Dia berhak memperoleh dua pahala, yakni pahala menjaga kekerabatan dan pahala
bersedekah.” (H.R.
Bukhari)
Kisah ini menjadi
pijakan bahwa harta istri sepenuhnya menjadi miliknya sendiri. Suami tidak ikut
memilikinya, sesedikit apa pun. Jika suami ikut memilikinya, tentu Nabi akan
melarang membayarkan zakat dari harta istri kepada suami. Tetapi nyatanya, beliau
Saw membolehkan istri membayarkan zakat kekayaannya kepada suami karena kemiskinan
suami tersebut. Berbeda kasusnya jika suami kaya raya, sementara sang istri miskin;
suami tidak boleh memberikan zakatnya kepada istri. Mengapa? Karena sudah
menjadi kewajiban suami setiap hari untuk memberi nafkah kepada istri.
Simpulan
- Istri dilarang mengambil harta suami tanpa seizinnya. Begitu
pula suami dilarang mengambil harta istri tanpa seizinnya.
- Suami wajib memberi nafkah untuk memenuhi kebutuhan
anak-istri. Jika suami tidak menunaikan kewajiban ini, istri boleh secara tegas
memintanya. Jika suami tetap tidak memberi maka istri boleh mengambil
harta suami sekadar untuk memenuhi kebutuhan dia dan anaknya
- Istri yang mempunyai harta kekayaan, sepenuhnya itu
adalah milik istri sendiri. Suami sama sekali tidak turut memilikinya sedikit
pun. Karena itulah istri boleh membelanjakan harta miliknya sekehendaknya untuk
kebaikan. Karena itu pula, suami tidak boleh mengambilnya tanpa seizin istrinya.

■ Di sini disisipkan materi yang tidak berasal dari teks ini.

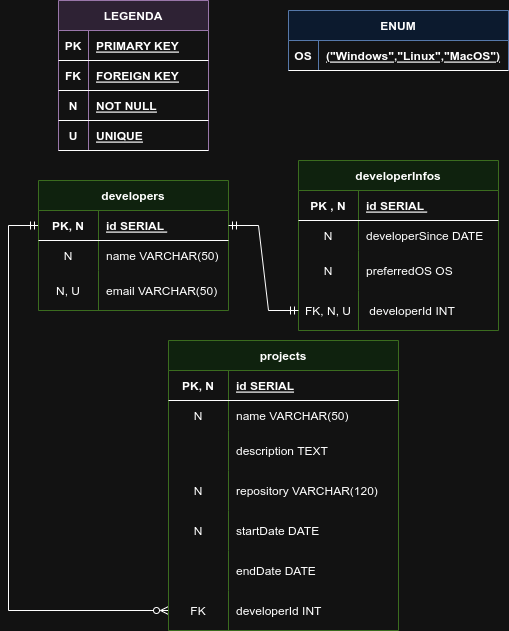

The diagram above was exported from draw.io. Its source (the exported page's mxGraphModel, read from the mxfile embedded in the PNG):
<mxGraphModel dx="2074" dy="767" grid="1" gridSize="10" guides="1" tooltips="1" connect="1" arrows="1" fold="1" page="1" pageScale="1" pageWidth="850" pageHeight="1100" math="0" shadow="0" extFonts="Permanent Marker^https://fonts.googleapis.com/css?family=Permanent+Marker">
  <root>
    <mxCell id="0" />
    <mxCell id="1" parent="0" />
    <mxCell id="Xt7zQRemvPyaSRbC4HKe-46" value="" style="edgeStyle=orthogonalEdgeStyle;fontSize=12;html=1;endArrow=ERmandOne;startArrow=ERzeroToMany;rounded=0;startFill=0;endFill=0;entryX=0;entryY=0.5;entryDx=0;entryDy=0;exitX=0;exitY=0.5;exitDx=0;exitDy=0;" parent="1" source="Xt7zQRemvPyaSRbC4HKe-33" target="C-vyLk0tnHw3VtMMgP7b-3" edge="1">
      <mxGeometry width="100" height="100" relative="1" as="geometry">
        <mxPoint x="150" y="650" as="sourcePoint" />
        <mxPoint x="40" y="220" as="targetPoint" />
        <Array as="points">
          <mxPoint x="80" y="640" />
          <mxPoint x="80" y="255" />
        </Array>
      </mxGeometry>
    </mxCell>
    <mxCell id="C-vyLk0tnHw3VtMMgP7b-2" value="developers" style="shape=table;startSize=30;container=1;collapsible=1;childLayout=tableLayout;fixedRows=1;rowLines=0;fontStyle=1;align=center;resizeLast=1;fillColor=#d5e8d4;strokeColor=#82b366;" parent="1" vertex="1">
      <mxGeometry x="110" y="210" width="190" height="130" as="geometry" />
    </mxCell>
    <mxCell id="C-vyLk0tnHw3VtMMgP7b-3" value="" style="shape=partialRectangle;collapsible=0;dropTarget=0;pointerEvents=0;fillColor=none;points=[[0,0.5],[1,0.5]];portConstraint=eastwest;top=0;left=0;right=0;bottom=1;" parent="C-vyLk0tnHw3VtMMgP7b-2" vertex="1">
      <mxGeometry y="30" width="190" height="30" as="geometry" />
    </mxCell>
    <mxCell id="C-vyLk0tnHw3VtMMgP7b-4" value="PK, N" style="shape=partialRectangle;overflow=hidden;connectable=0;fillColor=none;top=0;left=0;bottom=0;right=0;fontStyle=1;" parent="C-vyLk0tnHw3VtMMgP7b-3" vertex="1">
      <mxGeometry width="60" height="30" as="geometry">
        <mxRectangle width="60" height="30" as="alternateBounds" />
      </mxGeometry>
    </mxCell>
    <mxCell id="C-vyLk0tnHw3VtMMgP7b-5" value="id SERIAL " style="shape=partialRectangle;overflow=hidden;connectable=0;fillColor=none;top=0;left=0;bottom=0;right=0;align=left;spacingLeft=6;fontStyle=5;" parent="C-vyLk0tnHw3VtMMgP7b-3" vertex="1">
      <mxGeometry x="60" width="130" height="30" as="geometry">
        <mxRectangle width="130" height="30" as="alternateBounds" />
      </mxGeometry>
    </mxCell>
    <mxCell id="C-vyLk0tnHw3VtMMgP7b-6" value="" style="shape=partialRectangle;collapsible=0;dropTarget=0;pointerEvents=0;fillColor=none;points=[[0,0.5],[1,0.5]];portConstraint=eastwest;top=0;left=0;right=0;bottom=0;strokeColor=default;" parent="C-vyLk0tnHw3VtMMgP7b-2" vertex="1">
      <mxGeometry y="60" width="190" height="30" as="geometry" />
    </mxCell>
    <mxCell id="C-vyLk0tnHw3VtMMgP7b-7" value="N" style="shape=partialRectangle;overflow=hidden;connectable=0;fillColor=none;top=0;left=0;bottom=0;right=0;" parent="C-vyLk0tnHw3VtMMgP7b-6" vertex="1">
      <mxGeometry width="60" height="30" as="geometry">
        <mxRectangle width="60" height="30" as="alternateBounds" />
      </mxGeometry>
    </mxCell>
    <mxCell id="C-vyLk0tnHw3VtMMgP7b-8" value="name VARCHAR(50) " style="shape=partialRectangle;overflow=hidden;connectable=0;fillColor=none;top=0;left=0;bottom=0;right=0;align=left;spacingLeft=6;" parent="C-vyLk0tnHw3VtMMgP7b-6" vertex="1">
      <mxGeometry x="60" width="130" height="30" as="geometry">
        <mxRectangle width="130" height="30" as="alternateBounds" />
      </mxGeometry>
    </mxCell>
    <mxCell id="C-vyLk0tnHw3VtMMgP7b-9" value="" style="shape=partialRectangle;collapsible=0;dropTarget=0;pointerEvents=0;fillColor=none;points=[[0,0.5],[1,0.5]];portConstraint=eastwest;top=0;left=0;right=0;bottom=0;" parent="C-vyLk0tnHw3VtMMgP7b-2" vertex="1">
      <mxGeometry y="90" width="190" height="40" as="geometry" />
    </mxCell>
    <mxCell id="C-vyLk0tnHw3VtMMgP7b-10" value="N, U" style="shape=partialRectangle;overflow=hidden;connectable=0;fillColor=none;top=0;left=0;bottom=0;right=0;" parent="C-vyLk0tnHw3VtMMgP7b-9" vertex="1">
      <mxGeometry width="60" height="40" as="geometry">
        <mxRectangle width="60" height="40" as="alternateBounds" />
      </mxGeometry>
    </mxCell>
    <mxCell id="C-vyLk0tnHw3VtMMgP7b-11" value="email VARCHAR(50) " style="shape=partialRectangle;overflow=hidden;connectable=0;fillColor=none;top=0;left=0;bottom=0;right=0;align=left;spacingLeft=6;" parent="C-vyLk0tnHw3VtMMgP7b-9" vertex="1">
      <mxGeometry x="60" width="130" height="40" as="geometry">
        <mxRectangle width="130" height="40" as="alternateBounds" />
      </mxGeometry>
    </mxCell>
    <mxCell id="Xt7zQRemvPyaSRbC4HKe-1" value="developerInfos" style="shape=table;startSize=30;container=1;collapsible=1;childLayout=tableLayout;fixedRows=1;rowLines=0;fontStyle=1;align=center;resizeLast=1;fillColor=#d5e8d4;strokeColor=#82b366;" parent="1" vertex="1">
      <mxGeometry x="370" y="190" width="200" height="170" as="geometry" />
    </mxCell>
    <mxCell id="Xt7zQRemvPyaSRbC4HKe-2" value="" style="shape=partialRectangle;collapsible=0;dropTarget=0;pointerEvents=0;fillColor=none;points=[[0,0.5],[1,0.5]];portConstraint=eastwest;top=0;left=0;right=0;bottom=1;" parent="Xt7zQRemvPyaSRbC4HKe-1" vertex="1">
      <mxGeometry y="30" width="200" height="30" as="geometry" />
    </mxCell>
    <mxCell id="Xt7zQRemvPyaSRbC4HKe-3" value="PK , N" style="shape=partialRectangle;overflow=hidden;connectable=0;fillColor=none;top=0;left=0;bottom=0;right=0;fontStyle=1;" parent="Xt7zQRemvPyaSRbC4HKe-2" vertex="1">
      <mxGeometry width="60" height="30" as="geometry">
        <mxRectangle width="60" height="30" as="alternateBounds" />
      </mxGeometry>
    </mxCell>
    <mxCell id="Xt7zQRemvPyaSRbC4HKe-4" value="id SERIAL " style="shape=partialRectangle;overflow=hidden;connectable=0;fillColor=none;top=0;left=0;bottom=0;right=0;align=left;spacingLeft=6;fontStyle=5;" parent="Xt7zQRemvPyaSRbC4HKe-2" vertex="1">
      <mxGeometry x="60" width="140" height="30" as="geometry">
        <mxRectangle width="140" height="30" as="alternateBounds" />
      </mxGeometry>
    </mxCell>
    <mxCell id="Xt7zQRemvPyaSRbC4HKe-5" value="" style="shape=partialRectangle;collapsible=0;dropTarget=0;pointerEvents=0;fillColor=none;points=[[0,0.5],[1,0.5]];portConstraint=eastwest;top=0;left=0;right=0;bottom=0;" parent="Xt7zQRemvPyaSRbC4HKe-1" vertex="1">
      <mxGeometry y="60" width="200" height="30" as="geometry" />
    </mxCell>
    <mxCell id="Xt7zQRemvPyaSRbC4HKe-6" value="N" style="shape=partialRectangle;overflow=hidden;connectable=0;fillColor=none;top=0;left=0;bottom=0;right=0;" parent="Xt7zQRemvPyaSRbC4HKe-5" vertex="1">
      <mxGeometry width="60" height="30" as="geometry">
        <mxRectangle width="60" height="30" as="alternateBounds" />
      </mxGeometry>
    </mxCell>
    <mxCell id="Xt7zQRemvPyaSRbC4HKe-7" value="developerSince DATE " style="shape=partialRectangle;overflow=hidden;connectable=0;fillColor=none;top=0;left=0;bottom=0;right=0;align=left;spacingLeft=6;" parent="Xt7zQRemvPyaSRbC4HKe-5" vertex="1">
      <mxGeometry x="60" width="140" height="30" as="geometry">
        <mxRectangle width="140" height="30" as="alternateBounds" />
      </mxGeometry>
    </mxCell>
    <mxCell id="Xt7zQRemvPyaSRbC4HKe-8" value="" style="shape=partialRectangle;collapsible=0;dropTarget=0;pointerEvents=0;fillColor=none;points=[[0,0.5],[1,0.5]];portConstraint=eastwest;top=0;left=0;right=0;bottom=0;" parent="Xt7zQRemvPyaSRbC4HKe-1" vertex="1">
      <mxGeometry y="90" width="200" height="40" as="geometry" />
    </mxCell>
    <mxCell id="Xt7zQRemvPyaSRbC4HKe-9" value="N" style="shape=partialRectangle;overflow=hidden;connectable=0;fillColor=none;top=0;left=0;bottom=0;right=0;" parent="Xt7zQRemvPyaSRbC4HKe-8" vertex="1">
      <mxGeometry width="60" height="40" as="geometry">
        <mxRectangle width="60" height="40" as="alternateBounds" />
      </mxGeometry>
    </mxCell>
    <mxCell id="Xt7zQRemvPyaSRbC4HKe-10" value="preferredOS OS" style="shape=partialRectangle;overflow=hidden;connectable=0;fillColor=none;top=0;left=0;bottom=0;right=0;align=left;spacingLeft=6;" parent="Xt7zQRemvPyaSRbC4HKe-8" vertex="1">
      <mxGeometry x="60" width="140" height="40" as="geometry">
        <mxRectangle width="140" height="40" as="alternateBounds" />
      </mxGeometry>
    </mxCell>
    <mxCell id="Xt7zQRemvPyaSRbC4HKe-11" value="" style="shape=partialRectangle;collapsible=0;dropTarget=0;pointerEvents=0;fillColor=none;points=[[0,0.5],[1,0.5]];portConstraint=eastwest;top=0;left=0;right=0;bottom=0;" parent="Xt7zQRemvPyaSRbC4HKe-1" vertex="1">
      <mxGeometry y="130" width="200" height="40" as="geometry" />
    </mxCell>
    <mxCell id="Xt7zQRemvPyaSRbC4HKe-12" value="FK, N, U" style="shape=partialRectangle;overflow=hidden;connectable=0;fillColor=none;top=0;left=0;bottom=0;right=0;" parent="Xt7zQRemvPyaSRbC4HKe-11" vertex="1">
      <mxGeometry width="60" height="40" as="geometry">
        <mxRectangle width="60" height="40" as="alternateBounds" />
      </mxGeometry>
    </mxCell>
    <mxCell id="Xt7zQRemvPyaSRbC4HKe-13" value=" developerId INT" style="shape=partialRectangle;overflow=hidden;connectable=0;fillColor=none;top=0;left=0;bottom=0;right=0;align=left;spacingLeft=6;" parent="Xt7zQRemvPyaSRbC4HKe-11" vertex="1">
      <mxGeometry x="60" width="140" height="40" as="geometry">
        <mxRectangle width="140" height="40" as="alternateBounds" />
      </mxGeometry>
    </mxCell>
    <mxCell id="Xt7zQRemvPyaSRbC4HKe-14" value="projects" style="shape=table;startSize=30;container=1;collapsible=1;childLayout=tableLayout;fixedRows=1;rowLines=0;fontStyle=1;align=center;resizeLast=1;fillColor=#d5e8d4;strokeColor=#82b366;" parent="1" vertex="1">
      <mxGeometry x="240" y="370" width="230" height="290" as="geometry" />
    </mxCell>
    <mxCell id="Xt7zQRemvPyaSRbC4HKe-15" value="" style="shape=partialRectangle;collapsible=0;dropTarget=0;pointerEvents=0;fillColor=none;points=[[0,0.5],[1,0.5]];portConstraint=eastwest;top=0;left=0;right=0;bottom=1;" parent="Xt7zQRemvPyaSRbC4HKe-14" vertex="1">
      <mxGeometry y="30" width="230" height="30" as="geometry" />
    </mxCell>
    <mxCell id="Xt7zQRemvPyaSRbC4HKe-16" value="PK, N" style="shape=partialRectangle;overflow=hidden;connectable=0;fillColor=none;top=0;left=0;bottom=0;right=0;fontStyle=1;" parent="Xt7zQRemvPyaSRbC4HKe-15" vertex="1">
      <mxGeometry width="60" height="30" as="geometry">
        <mxRectangle width="60" height="30" as="alternateBounds" />
      </mxGeometry>
    </mxCell>
    <mxCell id="Xt7zQRemvPyaSRbC4HKe-17" value="id SERIAL" style="shape=partialRectangle;overflow=hidden;connectable=0;fillColor=none;top=0;left=0;bottom=0;right=0;align=left;spacingLeft=6;fontStyle=5;" parent="Xt7zQRemvPyaSRbC4HKe-15" vertex="1">
      <mxGeometry x="60" width="170" height="30" as="geometry">
        <mxRectangle width="170" height="30" as="alternateBounds" />
      </mxGeometry>
    </mxCell>
    <mxCell id="Xt7zQRemvPyaSRbC4HKe-18" value="" style="shape=partialRectangle;collapsible=0;dropTarget=0;pointerEvents=0;fillColor=none;points=[[0,0.5],[1,0.5]];portConstraint=eastwest;top=0;left=0;right=0;bottom=0;" parent="Xt7zQRemvPyaSRbC4HKe-14" vertex="1">
      <mxGeometry y="60" width="230" height="30" as="geometry" />
    </mxCell>
    <mxCell id="Xt7zQRemvPyaSRbC4HKe-19" value="N" style="shape=partialRectangle;overflow=hidden;connectable=0;fillColor=none;top=0;left=0;bottom=0;right=0;" parent="Xt7zQRemvPyaSRbC4HKe-18" vertex="1">
      <mxGeometry width="60" height="30" as="geometry">
        <mxRectangle width="60" height="30" as="alternateBounds" />
      </mxGeometry>
    </mxCell>
    <mxCell id="Xt7zQRemvPyaSRbC4HKe-20" value="name VARCHAR(50)" style="shape=partialRectangle;overflow=hidden;connectable=0;fillColor=none;top=0;left=0;bottom=0;right=0;align=left;spacingLeft=6;" parent="Xt7zQRemvPyaSRbC4HKe-18" vertex="1">
      <mxGeometry x="60" width="170" height="30" as="geometry">
        <mxRectangle width="170" height="30" as="alternateBounds" />
      </mxGeometry>
    </mxCell>
    <mxCell id="Xt7zQRemvPyaSRbC4HKe-21" value="" style="shape=partialRectangle;collapsible=0;dropTarget=0;pointerEvents=0;fillColor=none;points=[[0,0.5],[1,0.5]];portConstraint=eastwest;top=0;left=0;right=0;bottom=0;" parent="Xt7zQRemvPyaSRbC4HKe-14" vertex="1">
      <mxGeometry y="90" width="230" height="40" as="geometry" />
    </mxCell>
    <mxCell id="Xt7zQRemvPyaSRbC4HKe-22" value="" style="shape=partialRectangle;overflow=hidden;connectable=0;fillColor=none;top=0;left=0;bottom=0;right=0;" parent="Xt7zQRemvPyaSRbC4HKe-21" vertex="1">
      <mxGeometry width="60" height="40" as="geometry">
        <mxRectangle width="60" height="40" as="alternateBounds" />
      </mxGeometry>
    </mxCell>
    <mxCell id="Xt7zQRemvPyaSRbC4HKe-23" value="description TEXT" style="shape=partialRectangle;overflow=hidden;connectable=0;fillColor=none;top=0;left=0;bottom=0;right=0;align=left;spacingLeft=6;" parent="Xt7zQRemvPyaSRbC4HKe-21" vertex="1">
      <mxGeometry x="60" width="170" height="40" as="geometry">
        <mxRectangle width="170" height="40" as="alternateBounds" />
      </mxGeometry>
    </mxCell>
    <mxCell id="Xt7zQRemvPyaSRbC4HKe-24" value="" style="shape=partialRectangle;collapsible=0;dropTarget=0;pointerEvents=0;fillColor=none;points=[[0,0.5],[1,0.5]];portConstraint=eastwest;top=0;left=0;right=0;bottom=0;" parent="Xt7zQRemvPyaSRbC4HKe-14" vertex="1">
      <mxGeometry y="130" width="230" height="40" as="geometry" />
    </mxCell>
    <mxCell id="Xt7zQRemvPyaSRbC4HKe-25" value="N" style="shape=partialRectangle;overflow=hidden;connectable=0;fillColor=none;top=0;left=0;bottom=0;right=0;" parent="Xt7zQRemvPyaSRbC4HKe-24" vertex="1">
      <mxGeometry width="60" height="40" as="geometry">
        <mxRectangle width="60" height="40" as="alternateBounds" />
      </mxGeometry>
    </mxCell>
    <mxCell id="Xt7zQRemvPyaSRbC4HKe-26" value="repository VARCHAR(120) " style="shape=partialRectangle;overflow=hidden;connectable=0;fillColor=none;top=0;left=0;bottom=0;right=0;align=left;spacingLeft=6;" parent="Xt7zQRemvPyaSRbC4HKe-24" vertex="1">
      <mxGeometry x="60" width="170" height="40" as="geometry">
        <mxRectangle width="170" height="40" as="alternateBounds" />
      </mxGeometry>
    </mxCell>
    <mxCell id="Xt7zQRemvPyaSRbC4HKe-27" value="" style="shape=partialRectangle;collapsible=0;dropTarget=0;pointerEvents=0;fillColor=none;points=[[0,0.5],[1,0.5]];portConstraint=eastwest;top=0;left=0;right=0;bottom=0;" parent="Xt7zQRemvPyaSRbC4HKe-14" vertex="1">
      <mxGeometry y="170" width="230" height="40" as="geometry" />
    </mxCell>
    <mxCell id="Xt7zQRemvPyaSRbC4HKe-28" value="N" style="shape=partialRectangle;overflow=hidden;connectable=0;fillColor=none;top=0;left=0;bottom=0;right=0;" parent="Xt7zQRemvPyaSRbC4HKe-27" vertex="1">
      <mxGeometry width="60" height="40" as="geometry">
        <mxRectangle width="60" height="40" as="alternateBounds" />
      </mxGeometry>
    </mxCell>
    <mxCell id="Xt7zQRemvPyaSRbC4HKe-29" value="startDate DATE " style="shape=partialRectangle;overflow=hidden;connectable=0;fillColor=none;top=0;left=0;bottom=0;right=0;align=left;spacingLeft=6;" parent="Xt7zQRemvPyaSRbC4HKe-27" vertex="1">
      <mxGeometry x="60" width="170" height="40" as="geometry">
        <mxRectangle width="170" height="40" as="alternateBounds" />
      </mxGeometry>
    </mxCell>
    <mxCell id="Xt7zQRemvPyaSRbC4HKe-30" value="" style="shape=partialRectangle;collapsible=0;dropTarget=0;pointerEvents=0;fillColor=none;points=[[0,0.5],[1,0.5]];portConstraint=eastwest;top=0;left=0;right=0;bottom=0;" parent="Xt7zQRemvPyaSRbC4HKe-14" vertex="1">
      <mxGeometry y="210" width="230" height="40" as="geometry" />
    </mxCell>
    <mxCell id="Xt7zQRemvPyaSRbC4HKe-31" value="" style="shape=partialRectangle;overflow=hidden;connectable=0;fillColor=none;top=0;left=0;bottom=0;right=0;" parent="Xt7zQRemvPyaSRbC4HKe-30" vertex="1">
      <mxGeometry width="60" height="40" as="geometry">
        <mxRectangle width="60" height="40" as="alternateBounds" />
      </mxGeometry>
    </mxCell>
    <mxCell id="Xt7zQRemvPyaSRbC4HKe-32" value="endDate DATE" style="shape=partialRectangle;overflow=hidden;connectable=0;fillColor=none;top=0;left=0;bottom=0;right=0;align=left;spacingLeft=6;" parent="Xt7zQRemvPyaSRbC4HKe-30" vertex="1">
      <mxGeometry x="60" width="170" height="40" as="geometry">
        <mxRectangle width="170" height="40" as="alternateBounds" />
      </mxGeometry>
    </mxCell>
    <mxCell id="Xt7zQRemvPyaSRbC4HKe-33" value="" style="shape=partialRectangle;collapsible=0;dropTarget=0;pointerEvents=0;fillColor=none;points=[[0,0.5],[1,0.5]];portConstraint=eastwest;top=0;left=0;right=0;bottom=0;" parent="Xt7zQRemvPyaSRbC4HKe-14" vertex="1">
      <mxGeometry y="250" width="230" height="40" as="geometry" />
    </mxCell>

- Istri yang kaya boleh membayarkan zakatnya kepada
suami, jika memang suaminya adalah seorang yang miskin. Walaupun dalam kondisi demikian, kewajiban suami tidaklah gugur. Dia tetap berusaha menunaikan kewajibannya untuk menafkahi istri.
- Suami wajib memberikan sebagian hartanya kepada istri sebagai nafkah, sedangkan istri boleh memberikan sebagian harta miliknya kepada suami sebagai sedekah.
- Suami wajib memberikan sebagian hartanya kepada istri sebagai nafkah, sedangkan istri boleh memberikan sebagian harta miliknya kepada suami sebagai sedekah.